The task force will vote on the draft bill on Tuesday, October 18 at 9 a.m.

"We've heard through testimony quite a few stories of kids being swept up in a system that is not flexible enough," Newell says. "We have ended up having kids, instead of walking out with diplomas, walking out with criminal records. That's just not acceptable."

Instead of being sent to the principal's office for behaving badly, advocates say many students now end up in the hands of the police. Just how many? According to the Colorado Department of Education, the average percentage of incidents referred to law enforcement between 2001 and 2010 was 5.2 percent. Some school districts reported no referrals, while others reported several. The highest percentage came out of the Big Sandy School District in Simla, which referred 75.6 percent of its incidents in 2009-10.

Many referrals are for minor offenses, says Brown.
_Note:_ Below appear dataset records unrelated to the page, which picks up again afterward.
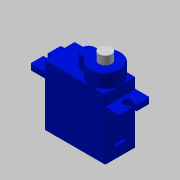
# Autodesk Inventor part: Servo Motor SG90
Saved by Autodesk Inventor 2019.2 (Build 232265000, 265)
## iProperties
Created: 2018-01-08
Part Number: Servo Motor SG90
Material: Generisch
Document SubType Name: Modeling
Designer: user
Density: 4 g/cm^3
Appearance: Stein - Blau
Mass: 24.3384 g
Surface Area: 24.0512 cm^2
Volume: 6.08459 cm^3
Author: user
Autodesk Inventor part; units mm, degrees
ref_plane "YZ Plane" through (0, 0, 0) normal (1, 0, 0) x (0, 1, 0)
ref_plane "XZ Plane" through (0, 0, 0) normal (0, 1, 0) x (-1, 0, 0)
sketch "스케치1" plane through (0, 0, 0) normal (0, 0, 1) x (1, 0, 0)
  line L0 (-11, -5.5) -> (11, -5.5)
  line L1 (11, -5.5) -> (11, 5.5)
  line L2 (11, 5.5) -> (-11, 5.5)
  line L3 (-11, 5.5) -> (-11, -5.5)
  line L4 (-11, -5.5) -> (11, 5.5) construction
  line L5 (11, -5.5) -> (-11, 5.5) construction
  point P0 (0, 0)
  dimension "d0" = 22
  dimension "d1" = 11
  constraints: 12 end point, 2 midpoint, 2 parallel, 1 horizontal, 1 perpendicular
  measures "d0" distance of L2.end L1.end
  measures "d1" distance of L1.end L0.end
extrude "돌출1" add sketch "스케치1" along normal blind 22
ref_plane "작업 평면1" through (0, 0, 16) normal (0, 0, -1) x (-1, 0, 0)
sketch "스케치2" plane through (0, 0, 16) normal (0, 0, -1) x (-1, 0, 0)
  line L0 (16, -5.5) -> (-16, -5.5)
  line L1 (-16, 5.5) -> (16, 5.5)
  line L2 (16, 5.5) -> (16, 0.75)
  line L3 (-11, -5.5) -> (-11, 5.5)
  line L4 (11, 5.5) -> (11, -5.5)
  line L5 (11, -5.5) -> (-11, -5.5)
  line L6 (0, -5.5) -> (0, 5.5) construction
  arc A0 (14.799038, -0.75) -> (14.799038, 0.75) centre (13.5, 0) ccw construction
  line L7 (-11, 5.5) -> (11, 5.5)
  line L8 (16, -0.75) -> (14.799038, -0.75)
  line L9 (16, 0.75) -> (14.799038, 0.75)
  line L10 (13.5, 0) -> (0, 0) construction
  line L11 (16, -0.75) -> (16, -5.5)
  line L12 (16, 0.75) -> (16, -0.75) construction
  arc A1 (12, 0) -> (14.799038, -0.75) centre (13.5, 0) ccw
  arc A2 (14.799038, 0.75) -> (12, 0) centre (13.5, 0) ccw
  line L13 (-16, -0.75) -> (-14.799038, -0.75)
  line L14 (-16, 0.75) -> (-14.799038, 0.75)
  arc A3 (-14.799038, -0.75) -> (-12, 0) centre (-13.5, 0) ccw
  arc A4 (-12, 0) -> (-14.799038, 0.75) centre (-13.5, 0) ccw
  line L15 (-16, -5.5) -> (-16, -0.75)
  line L16 (-16, 0.75) -> (-16, 5.5)
  point P0 (0, 0)
  dimension "d6" = 5
  dimension "d7" = 3
  dimension "d8" = 2.5
  dimension "d9" = 1.5
  constraints: 26 end point, 10 point on circle, 7 parallel, 6 symmetric about line, 5 centre point, 5 perpendicular, 3 midpoint, 2 collinear, 2 horizontal, 1 horizontal alignment, 1 point on line, 3 other
  measures "d6" distance between parallel lines of L4 L2
  measures "d7" diameter of A0
  measures "d8" distance from line of L2 L10.start
  measures "d9" distance between parallel lines of L9 L8
extrude "돌출2" add sketch "스케치2" against normal blind 2 contours L0 L4 L1 L2 L9 A2 A1 L8 L11 | L0 L15 L13 A3 A4 L14 L16 L1 L3
sketch "스케치3" plane through (0, 0, 22) normal (0, 0, 1) x (1, 0, 0)
  line L0 (-11, -5.5) -> (11, -5.5)
  line L1 (11, -5.5) -> (11, 5.5)
  line L2 (11, 5.5) -> (-11, 5.5)
  arc A0 (0.601021, -2.5) -> (0.601021, 2.5) centre (5.5, 0) ccw
  line L3 (5.5, 0) -> (-0.5, 0) construction
  line L4 (0.601021, 2.5) -> (-0.5, 2.5)
  line L5 (-0.5, -2.5) -> (0.601021, -2.5)
  arc A1 (-0.5, 2.5) -> (-0.5, -2.5) centre (-0.5, 0) ccw
  point P0 (0, 0)
  point P1 (2.5, 0)
  dimension "d12" = 6
  dimension "d13" = 5
  constraints: 8 end point, 5 tangent, 4 point on circle, 3 horizontal, 2 centre point, 1 midpoint, 1 parallel
  measures "d12" distance of L3.start L3.end
  measures "d13" diameter of A1
extrude "돌출3" add sketch "스케치3" along normal blind 5 contours A0 L5 A1 L4
fillet "모깎기1" radius 0.5 23 edges at (16, -5.5, 17) (16, 5.5, 17) (11, -5.5, 20) (11, 5.5, 20) (11, -5.5, 8) (11, -2.75, 22) (11, 2.75, 22) (11, 0, 27) (-3, 0, 27) (0.0505, 2.5, 27) (0.0505, -2.5, 27) (-2.75, -5.5, 22) (8.25, -5.5, 22) (-11, 0, 22) (-2.75, 5.5, 22) (8.25, 5.5, 22) (-16, -5.5, 17) (-16, 5.5, 17) (-11, -5.5, 8) (-11, -5.5, 20) (-11, 5.5, 20) (-11, 5.5, 8) (11, 5.5, 8)
sketch "스케치4" plane through (0, 0, 27) normal (0, 0, 1) x (1, 0, 0)
  arc A0 (0.917424, -2) -> (0.917424, 2) centre (5.5, 0) ccw
  circle A1 centre (5.5, 0) radius 2.25
  point P0 (0, 0)
  dimension "d17" = 4.5
  constraints: 1 centre point, 1 coincident
  measures "d17" diameter of A1
extrude "돌출4" add sketch "스케치4" along normal blind 3
sketch "스케치6" plane through (11, -5, 0) normal (1, 0, 0) x (0, 0, -1)
  line L0 (0, 0) -> (0, 10) projected
  line L1 (-3.8, 3.2) -> (-5, 3.2)
  line L2 (-5, 3.2) -> (-5, 6.8)
  line L3 (-5, 6.8) -> (-3.8, 6.8)
  line L4 (-3.8, 6.8) -> (-3.8, 3.2)
  line L5 (-3.8, 3.2) -> (-5, 6.8) construction
  line L6 (-5, 3.2) -> (-3.8, 6.8) construction
  line L7 (-4.4, 5) -> (0, 5) construction
  dimension "d25" = 1.2
  dimension "d26" = 3.6
  dimension "d27" = 5
  constraints: 14 end point, 2 midpoint, 2 parallel, 2 perpendicular, 1 horizontal
  measures "d25" distance of L2.end L3.end
  measures "d26" distance of L1.end L2.end
  measures "d27" distance between parallel lines of L0 L2
extrude "돌출6" cut sketch "스케치6" against normal blind 1

For instance, during the 2008-09 school year, state data shows that 60 percent of referrals were for incidents such as disorderly conduct, fighting and disobedience. Only 4 percent were for students carrying weapons, according to a chart made by Padres y Jovenes. Zero-tolerance policies were largely born in the 1990s of the threat of weapons in schools, experts say.

Furthermore, Brown says, minority students are more likely to face harsh punishments. Another chart shows that for every white student suspended, nearly four black students were suspended, and for every white student expelled, two Latino students were expelled. "There continue to be a lot of challenges around racial disparities," Brown says.

Over the next 100 days, Padres y Jovenes will be releasing 100 stories of students they say were unfairly disciplined due to zero-tolerance policies. (Click here to read a collection of anecdotes.) They've released two so far, including that of Dalilah and Julian Vasquez, who told about their experiences at a rally for Padres y Jovenes's campaign, "End the School to Jail Track in Colorado." Watch their story below and stay tuned for more news from the Legislative Task Force to Study School Discipline, as well as the upcoming release of a report by Padres y Jovenes on the effectiveness of DPS's discipline policy.

"The problem with all of this is money," says Newell, chair of the task force. While she says there is no cost estimate yet on implementing softer discipline policies statewide, she suspects any price tag at all will cause hand-wringing. "That is going to be the biggest rub. We've got some great ideas and we've got some great nonprofit organizations who are willing to help but we just need to figure this out. The schools are already being cramped and constrained fiscally; how can we support them through this process?"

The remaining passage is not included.